We did have a small Homework Sklog-signment with this film, the not-really-a-Friday-film Freddy vs. Jason. It was an Elm Street film, and honestly … I don’t like funny Freddy. I like the Freddy from the first one. I loved the first one, so watching where the franchise went was interesting. But it was a bad Friday film, not a very good Jason and he’s kind of not used enough to make it all worth it in my opinion. Meh. Maybe I’ll change my mind once I watch the Elm Street franchise.
And naturally, since we are such big Doane-heads (don’t you see?

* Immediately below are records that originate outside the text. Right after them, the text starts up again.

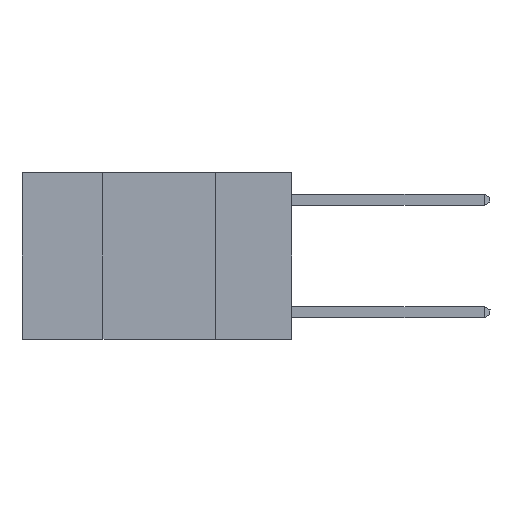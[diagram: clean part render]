
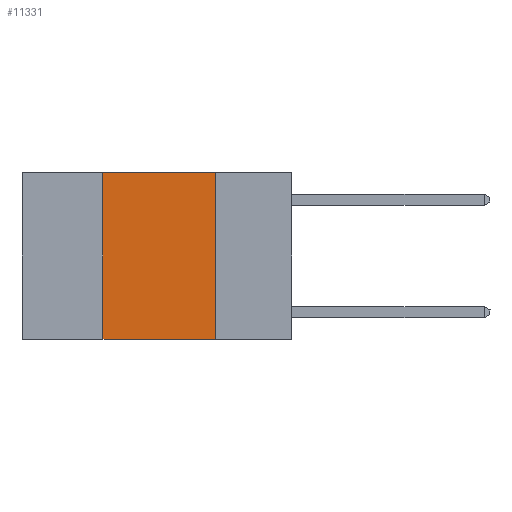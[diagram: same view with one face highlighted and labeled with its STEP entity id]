
A CAD part, left-side view. The second image highlights one B-rep face of the part: STEP entity #11331.
In plain terms, the highlighted planar face has unit normal (-1, 0, 0).
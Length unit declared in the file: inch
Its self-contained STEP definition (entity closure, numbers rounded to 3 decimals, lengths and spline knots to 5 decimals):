
#131 = ORIENTED_EDGE ( 'NONE', *, *, #19276, .F. ) ;
#521 = ORIENTED_EDGE ( 'NONE', *, *, #25829, .F. ) ;
#837 = VECTOR ( 'NONE', #16821, 39.37008 ) ;
#1956 = ORIENTED_EDGE ( 'NONE', *, *, #15507, .F. ) ;
#2131 = VECTOR ( 'NONE', #6133, 39.37008 ) ;
#2240 = CARTESIAN_POINT ( 'NONE',  ( 0., 0.42, 0. ) ) ;
#2364 = ORIENTED_EDGE ( 'NONE', *, *, #24962, .T. ) ;
#4046 = CARTESIAN_POINT ( 'NONE',  ( 0., 0.6, 0. ) ) ;
#5393 = VERTEX_POINT ( 'NONE', #12111 ) ;
#5921 = LINE ( 'NONE', #2240, #837 ) ;
#6133 = DIRECTION ( 'NONE',  ( 0., -1., 0. ) ) ;
#8705 = VERTEX_POINT ( 'NONE', #23072 ) ;
#9101 = DIRECTION ( 'NONE',  ( 1., 0., 0. ) ) ;
#9132 = VECTOR ( 'NONE', #16143, 39.37008 ) ;
#10506 = LINE ( 'NONE', #18766, #23107 ) ;
#11331 = ADVANCED_FACE ( 'NONE', ( #28383 ), #23312, .F. ) ;
#11577 = DIRECTION ( 'NONE',  ( 0., 0., -1. ) ) ;
#12111 = CARTESIAN_POINT ( 'NONE',  ( 0., 0.17, -0.37 ) ) ;
#12694 = EDGE_LOOP ( 'NONE', ( #131, #521, #1956, #2364 ) ) ;
#13693 = VERTEX_POINT ( 'NONE', #19628 ) ;
#15127 = LINE ( 'NONE', #20518, #2131 ) ;
#15507 = EDGE_CURVE ( 'NONE', #17070, #13693, #5921, .T. ) ;
#16143 = DIRECTION ( 'NONE',  ( 0., -1., 0. ) ) ;
#16821 = DIRECTION ( 'NONE',  ( 0., 0., 1. ) ) ;
#17070 = VERTEX_POINT ( 'NONE', #21143 ) ;
#18620 = CARTESIAN_POINT ( 'NONE',  ( 0., 0.6, 0. ) ) ;
#18766 = CARTESIAN_POINT ( 'NONE',  ( 0., 0.17, 0. ) ) ;
#19276 = EDGE_CURVE ( 'NONE', #8705, #5393, #10506, .T. ) ;
#19562 = AXIS2_PLACEMENT_3D ( 'NONE', #18620, #9101, #25642 ) ;
#19628 = CARTESIAN_POINT ( 'NONE',  ( 0., 0.42, 0. ) ) ;
#20518 = CARTESIAN_POINT ( 'NONE',  ( 0., 0.6, -0.37 ) ) ;
#21143 = CARTESIAN_POINT ( 'NONE',  ( 0., 0.42, -0.37 ) ) ;
#21784 = LINE ( 'NONE', #4046, #9132 ) ;
#23072 = CARTESIAN_POINT ( 'NONE',  ( 0., 0.17, 0. ) ) ;
#23107 = VECTOR ( 'NONE', #11577, 39.37008 ) ;
#23312 = PLANE ( 'NONE',  #19562 ) ;
#24962 = EDGE_CURVE ( 'NONE', #17070, #5393, #15127, .T. ) ;
#25642 = DIRECTION ( 'NONE',  ( 0., 0., -1. ) ) ;
#25829 = EDGE_CURVE ( 'NONE', #13693, #8705, #21784, .T. ) ;
#28383 = FACE_OUTER_BOUND ( 'NONE', #12694, .T. ) ;

He saved Christmas. We owe him a lot, guys), we watched the second Darren Doane film of the cycle! Black Friday, the Bargain Bin entry, and a poor man’s Gary Daniels film (so straight Z-list). This … barely exists. I’m actually not entirely convinced Jamie and some of his bowling buddies didn’t shoot this piece of garbage in their spare time on the weekend. I can kind of see why some people enjoy these films though, it is oddly fascinating. While I wouldn’t go quite so far Z-list in the future, a nice C-list starring a has-been like Dolph Lundgren or Steven Seagal I do think is more likely now that I’ve seen the worst possible example of the bargain bin. I no longer fear the Z-list, I transcend reality and observe it from my elevated enlightened position. Like with Sandler films.